■ **Problem requirements**
Give back, exactly as written, the lines from the first line of the data below through the line with "#1=APPLICATION_CONTEXT('core data for", and omit the pictures.

Records from a data collection:
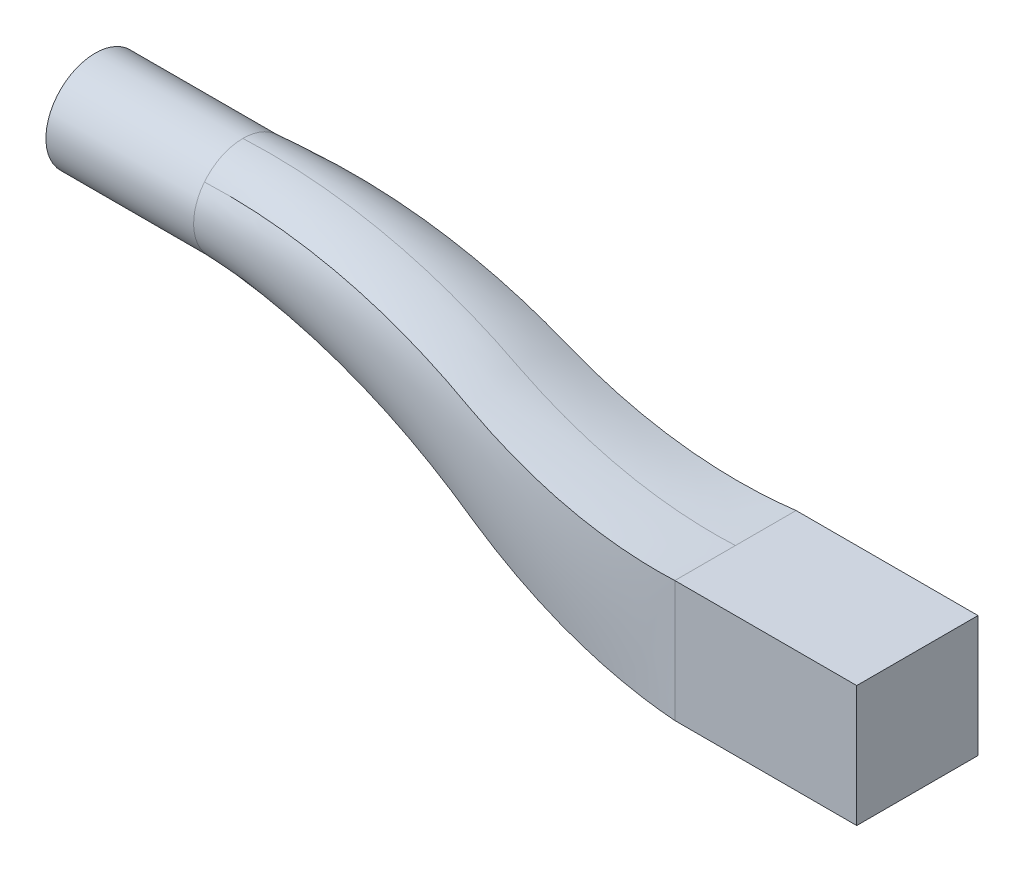
ISO-10303-21;
HEADER;
FILE_DESCRIPTION(('STEP AP214'),'2;1');
FILE_NAME('part.step','',(''),(''),'','','');
FILE_SCHEMA(('AUTOMOTIVE_DESIGN { 1 0 10303 214 1 1 1 1 }'));
ENDSEC;
DATA;
#1=APPLICATION_CONTEXT('core data for automotive mechanical design processes');
#2=APPLICATION_PROTOCOL_DEFINITION('international standard','automotive_design',2000,#1);
#3=PRODUCT_CONTEXT('',#1,'mechanical');
#4=PRODUCT('Part','Part','',(#3));
#5=PRODUCT_RELATED_PRODUCT_CATEGORY('part','',(#4));
#6=PRODUCT_DEFINITION_FORMATION('','',#4);
#7=PRODUCT_DEFINITION_CONTEXT('part definition',#1,'design');
#8=PRODUCT_DEFINITION('design','',#6,#7);
#9=PRODUCT_DEFINITION_SHAPE('','',#8);
#10=(LENGTH_UNIT() NAMED_UNIT(*) SI_UNIT(.MILLI.,.METRE.));
#11=(NAMED_UNIT(*) PLANE_ANGLE_UNIT() SI_UNIT($,.RADIAN.));
#12=(NAMED_UNIT(*) SI_UNIT($,.STERADIAN.) SOLID_ANGLE_UNIT());
#13=UNCERTAINTY_MEASURE_WITH_UNIT(LENGTH_MEASURE(1.E-05),#10,'distance_accuracy_value','');
#14=(GEOMETRIC_REPRESENTATION_CONTEXT(3) GLOBAL_UNCERTAINTY_ASSIGNED_CONTEXT((#13)) GLOBAL_UNIT_ASSIGNED_CONTEXT((#10,
#11,#12)) REPRESENTATION_CONTEXT('',''));
#15=CARTESIAN_POINT('',(0.,0.,0.));
#16=DIRECTION('',(0.,0.,1.));
#17=DIRECTION('',(1.,0.,0.));
#18=AXIS2_PLACEMENT_3D('',#15,#16,#17);
#19=CARTESIAN_POINT('',(0.,63.7863619156872,-79.7329523946089));
#20=CARTESIAN_POINT('',(196.914895518404,80.6131064873941,-88.2644294514036));
#21=CARTESIAN_POINT('',(392.936444227266,45.4312189083686,-96.7959065081982));
#22=CARTESIAN_POINT('',(708.143629326014,-103.611491656139,-112.128255709995));
#23=CARTESIAN_POINT('',(864.402326566791,-131.656754821237,-118.929127854998));
#24=CARTESIAN_POINT('',(1021.37315576226,-118.243305111773,-125.73));
#25=CARTESIAN_POINT('',(0.,69.4779385507464,-75.1796910865616));
#26=CARTESIAN_POINT('',(196.914895518404,85.2490163349766,-82.5147106967684));
#27=CARTESIAN_POINT('',(392.936444227266,49.0114619684744,-89.8497303069752));
#28=CARTESIAN_POINT('',(708.143629326014,-101.92844080772,-103.0318652781));
#29=CARTESIAN_POINT('',(864.402326566791,-130.815229397028,-108.878980639018));
#30=CARTESIAN_POINT('',(1021.37315576226,-118.243305111773,-114.726095999935));
#31=CARTESIAN_POINT('',(0.,80.1263231421359,-64.6489366794776));
#32=CARTESIAN_POINT('',(196.914895518404,93.9223513620389,-69.961228540226));
#33=CARTESIAN_POINT('',(392.936444227266,55.7097474312095,-75.2735204009744));
#34=CARTESIAN_POINT('',(708.143629326014,-98.7796168754476,-84.8205089621158));
#35=CARTESIAN_POINT('',(864.402326566791,-129.240817430892,-89.0552056625087));
#36=CARTESIAN_POINT('',(1021.37315576226,-118.243305111772,-93.2899023629017));
#37=CARTESIAN_POINT('',(0.,90.4960369406616,-48.3933185319076));
#38=CARTESIAN_POINT('',(196.914895518404,102.368703119665,-51.8943146244922));
#39=CARTESIAN_POINT('',(392.936444227267,62.2327371479364,-55.3953107170768));
#40=CARTESIAN_POINT('',(708.143629326014,-95.713198424896,-61.6871279825153));
#41=CARTESIAN_POINT('',(864.402326566792,-127.707608205616,-64.4779491553693));
#42=CARTESIAN_POINT('',(1021.37315576226,-118.243305111773,-67.2687703282233));
#43=CARTESIAN_POINT('',(0.,96.4786554645608,-34.0989326196559));
#44=CARTESIAN_POINT('',(196.914895518404,107.24167275666,-36.4222042994631));
#45=CARTESIAN_POINT('',(392.936444227267,65.9960578980273,-38.7454759792703));
#46=CARTESIAN_POINT('',(708.143629326014,-93.9440838494383,-42.920745097187));
#47=CARTESIAN_POINT('',(864.402326566791,-126.823050917887,-44.7727425352964));
#48=CARTESIAN_POINT('',(1021.37315576226,-118.243305111773,-46.6247399734059));
#49=CARTESIAN_POINT('',(0.,99.7287540430284,-22.9225454122928));
#50=CARTESIAN_POINT('',(196.914895518404,109.888946960564,-24.4508345638146));
#51=CARTESIAN_POINT('',(392.936444227266,68.0405077273667,-25.9791237153363));
#52=CARTESIAN_POINT('',(708.143629326014,-92.9830002129214,-28.7256894971417));
#53=CARTESIAN_POINT('',(864.402326566791,-126.342509099629,-29.9439661274252));
#54=CARTESIAN_POINT('',(1021.37315576226,-118.243305111773,-31.1622427577088));
#55=CARTESIAN_POINT('',(0.,101.679670600912,-11.4807903492074));
#56=CARTESIAN_POINT('',(196.914895518404,111.478009862184,-12.2548988430634));
#57=CARTESIAN_POINT('',(392.936444227267,69.2677169727244,-13.0290073369195));
#58=CARTESIAN_POINT('',(708.143629326014,-92.406096486858,-14.4201968893107));
#59=CARTESIAN_POINT('',(864.402326566791,-126.054057236597,-15.0372779478459));
#60=CARTESIAN_POINT('',(1021.37315576226,-118.243305111773,-15.6543590063811));
#61=CARTESIAN_POINT('',(0.,102.108,-3.81226759974523));
#62=CARTESIAN_POINT('',(196.914895518404,111.826893239597,-4.07684983932942));
#63=CARTESIAN_POINT('',(392.936444227266,69.5371543284615,-4.3414320789136));
#64=CARTESIAN_POINT('',(708.143629326014,-92.2794355974838,-4.81692621233186));
#65=CARTESIAN_POINT('',(864.402326566791,-125.99072679191,-5.02783810616592));
#66=CARTESIAN_POINT('',(1021.37315576226,-118.243305111773,-5.23874999999999));
#67=CARTESIAN_POINT('',(0.,102.108,0.));
#68=CARTESIAN_POINT('',(196.914895518404,111.826893239597,0.));
#69=CARTESIAN_POINT('',(392.936444227266,69.5371543284615,0.));
#70=CARTESIAN_POINT('',(708.143629326014,-92.2794355974838,0.));
#71=CARTESIAN_POINT('',(864.402326566791,-125.99072679191,0.));
#72=CARTESIAN_POINT('',(1021.37315576226,-118.243305111773,0.));
#73=B_SPLINE_SURFACE_WITH_KNOTS('',3,3,((#19,#20,#21,#22,#23,#24),(#25,#26,#27,#28,#29,#30),
(#31,#32,#33,#34,#35,#36),(#37,#38,#39,#40,#41,#42),(#43,#44,#45,#46,#47,#48),(#49,#50,#51,#52,
#53,#54),(#55,#56,#57,#58,#59,#60),(#61,#62,#63,#64,#65,#66),(#67,#68,#69,#70,#71,#72)),
.UNSPECIFIED.,.F.,.F.,.F.,(4,1,1,1,1,1,4),(4,2,4),(0.866194178130681,0.899645633598011,
0.933097089065341,0.949822816799005,0.96654854453267,0.983274272266335,1.),(0.,
0.556436391090984,1.),.UNSPECIFIED.);
#74=CARTESIAN_POINT('',(0.,0.,0.));
#75=DIRECTION('',(1.,0.,0.));
#76=DIRECTION('',(0.,0.,-1.));
#77=AXIS2_PLACEMENT_3D('',#74,#75,#76);
#78=CIRCLE('',#77,102.108);
#79=CARTESIAN_POINT('',(0.,63.7867207358618,-79.7334010755966));
#80=VERTEX_POINT('',#79);
#81=CARTESIAN_POINT('',(0.,102.108,0.));
#82=VERTEX_POINT('',#81);
#83=EDGE_CURVE('E192',#80,#82,#78,.T.);
#84=CARTESIAN_POINT('',(0.,102.108,0.));
#85=CARTESIAN_POINT('',(196.914895518404,111.826893239597,0.));
#86=CARTESIAN_POINT('',(392.936444227266,69.5371543284615,0.));
#87=CARTESIAN_POINT('',(708.143629326014,-92.2794355974838,0.));
#88=CARTESIAN_POINT('',(864.402326566791,-125.99072679191,0.));
#89=CARTESIAN_POINT('',(1021.37315576226,-118.243305111773,0.));
#90=B_SPLINE_CURVE_WITH_KNOTS('',3,(#84,#85,#86,#87,#88,#89),.UNSPECIFIED.,.F.,.F.,(4,2,4),(0.,
0.556436391090984,1.),.UNSPECIFIED.);
#91=CARTESIAN_POINT('',(1021.37315576226,-118.243305111773,0.));
#92=VERTEX_POINT('',#91);
#93=EDGE_CURVE('E219',#82,#92,#90,.T.);
#94=DIRECTION('',(0.,0.,1.));
#95=VECTOR('',#94,1.);
#96=CARTESIAN_POINT('',(1021.37315576226,-118.243305111773,-125.73));
#97=LINE('',#96,#95);
#98=CARTESIAN_POINT('',(1021.37315576226,-118.243305111773,-125.73));
#99=VERTEX_POINT('',#98);
#100=EDGE_CURVE('E13',#99,#92,#97,.T.);
#101=CARTESIAN_POINT('',(0.,63.7863619156872,-79.7329523946089));
#102=CARTESIAN_POINT('',(196.914895518404,80.6131064873941,-88.2644294514036));
#103=CARTESIAN_POINT('',(392.936444227266,45.4312189083686,-96.7959065081982));
#104=CARTESIAN_POINT('',(708.143629326014,-103.611491656139,-112.128255709995));
#105=CARTESIAN_POINT('',(864.402326566791,-131.656754821237,-118.929127854998));
#106=CARTESIAN_POINT('',(1021.37315576226,-118.243305111773,-125.73));
#107=B_SPLINE_CURVE_WITH_KNOTS('',3,(#101,#102,#103,#104,#105,#106),.UNSPECIFIED.,.F.,.F.,(4,2,
4),(0.,0.556436391090984,1.),.UNSPECIFIED.);
#108=EDGE_CURVE('E155',#80,#99,#107,.T.);
#109=ORIENTED_EDGE('',*,*,#83,.T.);
#110=ORIENTED_EDGE('',*,*,#93,.T.);
#111=ORIENTED_EDGE('',*,*,#100,.F.);
#112=ORIENTED_EDGE('',*,*,#108,.F.);
#113=EDGE_LOOP('',(#109,#110,#111,#112));
#114=FACE_BOUND('',#113,.T.);
#115=ADVANCED_FACE('F127',(#114),#73,.T.);
#116=CARTESIAN_POINT('',(0.,-78.4415384171289,-65.3679486809407));
#117=CARTESIAN_POINT('',(196.914895518404,-81.8750322887881,-76.5638293458827));
#118=CARTESIAN_POINT('',(392.936444227266,-137.31715831118,-87.7597100108248));
#119=CARTESIAN_POINT('',(708.143629326014,-322.770568764749,-107.880393783845));
#120=CARTESIAN_POINT('',(864.402326566791,-366.966293375542,-116.805196891922));
#121=CARTESIAN_POINT('',(1021.37315576226,-369.703305111773,-125.73));
#122=CARTESIAN_POINT('',(0.,-74.2176822369396,-70.4365760971677));
#123=CARTESIAN_POINT('',(196.914895518404,-76.4912577758443,-80.6923338463531));
#124=CARTESIAN_POINT('',(392.936444227266,-130.773465465481,-90.9480915955384));
#125=CARTESIAN_POINT('',(708.143629326014,-314.142327979113,-109.379232896482));
#126=CARTESIAN_POINT('',(864.402326566791,-357.413422982725,-117.554616448241));
#127=CARTESIAN_POINT('',(1021.37315576226,-359.225805111773,-125.73));
#128=CARTESIAN_POINT('',(0.,-64.7847113542134,-79.7525874017345));
#129=CARTESIAN_POINT('',(196.914895518404,-64.9211947930977,-88.2804225810278));
#130=CARTESIAN_POINT('',(392.936444227266,-117.066310382714,-96.8082577603212));
#131=CARTESIAN_POINT('',(708.143629326014,-296.594496523922,-112.134061959743));
#132=CARTESIAN_POINT('',(864.402326566791,-338.162007255129,-118.932030979872));
#133=CARTESIAN_POINT('',(1021.37315576226,-338.270805111772,-125.73));
#134=CARTESIAN_POINT('',(0.,-48.2077073794319,-90.7386603327389));
#135=CARTESIAN_POINT('',(196.914895518404,-45.5888112862697,-97.2288119207021));
#136=CARTESIAN_POINT('',(392.936444227266,-94.9785473438401,-103.718963508665));
#137=CARTESIAN_POINT('',(708.143629326014,-269.554901476641,-115.382743397752));
#138=CARTESIAN_POINT('',(864.402326566791,-308.925959731488,-120.556371698876));
#139=CARTESIAN_POINT('',(1021.37315576226,-306.838305111772,-125.73));
#140=CARTESIAN_POINT('',(0.,-29.8251363963501,-98.3258417527659));
#141=CARTESIAN_POINT('',(196.914895518404,-24.7857551677988,-103.408732058092));
#142=CARTESIAN_POINT('',(392.936444227267,-71.75500608998,-108.491622363417));
#143=CARTESIAN_POINT('',(708.143629326014,-241.981383883809,-117.626341779162));
#144=CARTESIAN_POINT('',(864.402326566791,-279.422950935072,-121.678170889581));
#145=CARTESIAN_POINT('',(1021.37315576226,-275.405805111773,-125.73));
#146=CARTESIAN_POINT('',(0.,-10.3251775795025,-102.229582182344));
#147=CARTESIAN_POINT('',(196.914895518404,-3.07256296678534,-106.588411408873));
#148=CARTESIAN_POINT('',(392.936444227267,-47.8285805048006,-110.947240635402));
#149=CARTESIAN_POINT('',(708.143629326014,-214.077444570912,-118.780713241287));
#150=CARTESIAN_POINT('',(864.402326566792,-249.754731278624,-122.255356620643));
#151=CARTESIAN_POINT('',(1021.37315576226,-243.973305111773,-125.73));
#152=CARTESIAN_POINT('',(0.,9.56155319842292,-102.303893463957));
#153=CARTESIAN_POINT('',(196.914895518404,18.9556631972403,-106.648939523367));
#154=CARTESIAN_POINT('',(392.936444227266,-23.6588589546748,-110.993985582776));
#155=CARTESIAN_POINT('',(708.143629326014,-186.059133280094,-118.802687761457));
#156=CARTESIAN_POINT('',(864.402326566791,-220.029325633215,-122.266343880729));
#157=CARTESIAN_POINT('',(1021.37315576226,-212.540805111773,-125.73));
#158=CARTESIAN_POINT('',(0.,29.09000374623,-98.5457214282046));
#159=CARTESIAN_POINT('',(196.914895518404,40.6920625172297,-103.587828715839));
#160=CARTESIAN_POINT('',(392.936444227266,0.285489137496903,-108.629936003473));
#161=CARTESIAN_POINT('',(708.143629326013,-158.146768703858,-117.691362194071));
#162=CARTESIAN_POINT('',(864.402326566791,-190.356893345097,-121.710681097036));
#163=CARTESIAN_POINT('',(1021.37315576226,-181.108305111772,-125.73));
#164=CARTESIAN_POINT('',(0.,47.5289947982125,-91.096260494005));
#165=CARTESIAN_POINT('',(196.914895518404,61.5410739780932,-97.5200848342387));
#166=CARTESIAN_POINT('',(392.936444227266,23.5445210072415,-103.943909174472));
#167=CARTESIAN_POINT('',(708.143629326013,-130.556567184774,-115.488489009804));
#168=CARTESIAN_POINT('',(864.402326566791,-160.845542585555,-120.609244504902));
#169=CARTESIAN_POINT('',(1021.37315576226,-149.675805111772,-125.73));
#170=CARTESIAN_POINT('',(0.,58.634287687681,-83.8546117770138));
#171=CARTESIAN_POINT('',(196.914895518404,74.4732786935242,-91.6216084097912));
#172=CARTESIAN_POINT('',(392.936444227266,38.303637548635,-99.3886050425687));
#173=CARTESIAN_POINT('',(708.143629326014,-112.514214939871,-113.347067783564));
#174=CARTESIAN_POINT('',(864.402326566791,-141.346866463103,-119.538533891782));
#175=CARTESIAN_POINT('',(1021.37315576226,-128.720805111773,-125.73));
#176=CARTESIAN_POINT('',(0.,63.7863619156872,-79.7329523946089));
#177=CARTESIAN_POINT('',(196.914895518404,80.6131064873941,-88.2644294514036));
#178=CARTESIAN_POINT('',(392.936444227266,45.4312189083686,-96.7959065081982));
#179=CARTESIAN_POINT('',(708.143629326014,-103.611491656139,-112.128255709995));
#180=CARTESIAN_POINT('',(864.402326566791,-131.656754821237,-118.929127854998));
#181=CARTESIAN_POINT('',(1021.37315576226,-118.243305111773,-125.73));
#182=B_SPLINE_SURFACE_WITH_KNOTS('',3,3,((#116,#117,#118,#119,#120,#121),(#122,#123,#124,#125,
#126,#127),(#128,#129,#130,#131,#132,#133),(#134,#135,#136,#137,#138,#139),(#140,#141,#142,#143,
#144,#145),(#146,#147,#148,#149,#150,#151),(#152,#153,#154,#155,#156,#157),(#158,#159,#160,#161,
#162,#163),(#164,#165,#166,#167,#168,#169),(#170,#171,#172,#173,#174,#175),(#176,#177,#178,#179,
#180,#181)),.UNSPECIFIED.,.F.,.F.,.F.,(4,1,1,1,1,1,1,1,4),(4,2,4),(0.617785515405924,
0.648836598246518,0.679887681087113,0.710938763927708,0.741989846768302,0.773040929608897,
0.804092012449491,0.835143095290086,0.866194178130681),(0.,0.556436391090984,1.),.UNSPECIFIED.);
#183=CARTESIAN_POINT('',(0.,-78.4419888320104,-65.368324117985));
#184=VERTEX_POINT('',#183);
#185=EDGE_CURVE('E195',#184,#80,#78,.T.);
#186=DIRECTION('',(0.,1.,0.));
#187=VECTOR('',#186,1.);
#188=CARTESIAN_POINT('',(1021.37315576226,-118.243305111773,-125.73));
#189=LINE('',#188,#187);
#190=CARTESIAN_POINT('',(1021.37315576226,-369.703305111773,-125.73));
#191=VERTEX_POINT('',#190);
#192=EDGE_CURVE('E340',#191,#99,#189,.T.);
#193=CARTESIAN_POINT('',(0.,-78.4415384171289,-65.3679486809407));
#194=CARTESIAN_POINT('',(196.914895518404,-81.8750322887881,-76.5638293458827));
#195=CARTESIAN_POINT('',(392.936444227266,-137.31715831118,-87.7597100108248));
#196=CARTESIAN_POINT('',(708.143629326014,-322.770568764749,-107.880393783845));
#197=CARTESIAN_POINT('',(864.402326566791,-366.966293375542,-116.805196891922));
#198=CARTESIAN_POINT('',(1021.37315576226,-369.703305111773,-125.73));
#199=B_SPLINE_CURVE_WITH_KNOTS('',3,(#193,#194,#195,#196,#197,#198),.UNSPECIFIED.,.F.,.F.,(4,2,
4),(0.,0.556436391090984,1.),.UNSPECIFIED.);
#200=EDGE_CURVE('E211',#184,#191,#199,.T.);
#201=ORIENTED_EDGE('',*,*,#185,.T.);
#202=ORIENTED_EDGE('',*,*,#108,.T.);
#203=ORIENTED_EDGE('',*,*,#192,.F.);
#204=ORIENTED_EDGE('',*,*,#200,.F.);
#205=EDGE_LOOP('',(#201,#202,#203,#204));
#206=FACE_BOUND('',#205,.T.);
#207=ADVANCED_FACE('F209',(#206),#182,.T.);
#208=CARTESIAN_POINT('',(0.,-78.4415384171288,65.3679486809408));
#209=CARTESIAN_POINT('',(196.914895518404,-81.8750322887881,76.5638293458828));
#210=CARTESIAN_POINT('',(392.936444227266,-137.31715831118,87.7597100108248));
#211=CARTESIAN_POINT('',(708.143629326014,-322.770568764749,107.880393783845));
#212=CARTESIAN_POINT('',(864.402326566791,-366.966293375542,116.805196891922));
#213=CARTESIAN_POINT('',(1021.37315576226,-369.703305111773,125.73));
#214=CARTESIAN_POINT('',(0.,-82.2260063866525,60.8265871175123));
#215=CARTESIAN_POINT('',(196.914895518404,-84.9575616919247,70.9214399662336));
#216=CARTESIAN_POINT('',(392.936444227266,-139.697749147929,81.0162928149548));
#217=CARTESIAN_POINT('',(708.143629326014,-323.889670278324,99.158263775784));
#218=CARTESIAN_POINT('',(864.402326566791,-367.52584413233,107.205381887892));
#219=CARTESIAN_POINT('',(1021.37315576226,-369.703305111773,115.2525));
#220=CARTESIAN_POINT('',(0.,-89.0043177012509,51.085121977123));
#221=CARTESIAN_POINT('',(196.914895518404,-90.4786399779944,59.1001018696261));
#222=CARTESIAN_POINT('',(392.936444227266,-143.96159440547,67.1150817621291));
#223=CARTESIAN_POINT('',(708.143629326014,-325.894078430998,81.5192077697547));
#224=CARTESIAN_POINT('',(864.402326566791,-368.528048208667,87.9083538848773));
#225=CARTESIAN_POINT('',(1021.37315576226,-369.703305111773,94.2975));
#226=CARTESIAN_POINT('',(0.,-96.4932572646999,34.9353565808209));
#227=CARTESIAN_POINT('',(196.914895518404,-96.578540040182,40.1157132436962));
#228=CARTESIAN_POINT('',(392.936444227266,-148.672454966396,45.2960699065716));
#229=CARTESIAN_POINT('',(708.143629326013,-328.108625804108,54.605951046298));
#230=CARTESIAN_POINT('',(864.402326566791,-369.635321895222,58.7354755231489));
#231=CARTESIAN_POINT('',(1021.37315576226,-369.703305111773,62.865));
#232=CARTESIAN_POINT('',(0.,-101.078827103031,17.7345338404044));
#233=CARTESIAN_POINT('',(196.914895518404,-100.313583901201,20.2752161254483));
#234=CARTESIAN_POINT('',(392.936444227267,-151.556972850103,22.8158984104922));
#235=CARTESIAN_POINT('',(708.143629326014,-329.464620408372,27.3818871303574));
#236=CARTESIAN_POINT('',(864.402326566792,-370.313319197354,29.4071935651787));
#237=CARTESIAN_POINT('',(1021.37315576226,-369.703305111773,31.4324999999999));
#238=CARTESIAN_POINT('',(0.,-102.622773632911,1.05818132034585E-13));
#239=CARTESIAN_POINT('',(196.914895518404,-101.57116108604,0.));
#240=CARTESIAN_POINT('',(392.936444227267,-152.528180689901,0.));
#241=CARTESIAN_POINT('',(708.143629326014,-329.921179404876,0.));
#242=CARTESIAN_POINT('',(864.402326566792,-370.541598695606,0.));
#243=CARTESIAN_POINT('',(1021.37315576226,-369.703305111773,0.));
#244=CARTESIAN_POINT('',(0.,-101.078827103031,-17.7345338404043));
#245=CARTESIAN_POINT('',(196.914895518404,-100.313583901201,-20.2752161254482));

■ **Written answer**
ISO-10303-21;
HEADER;
FILE_DESCRIPTION(('STEP AP214'),'2;1');
FILE_NAME('part.step','',(''),(''),'','','');
FILE_SCHEMA(('AUTOMOTIVE_DESIGN { 1 0 10303 214 1 1 1 1 }'));
ENDSEC;
DATA;
#1=APPLICATION_CONTEXT('core data for automotive mechanical design processes');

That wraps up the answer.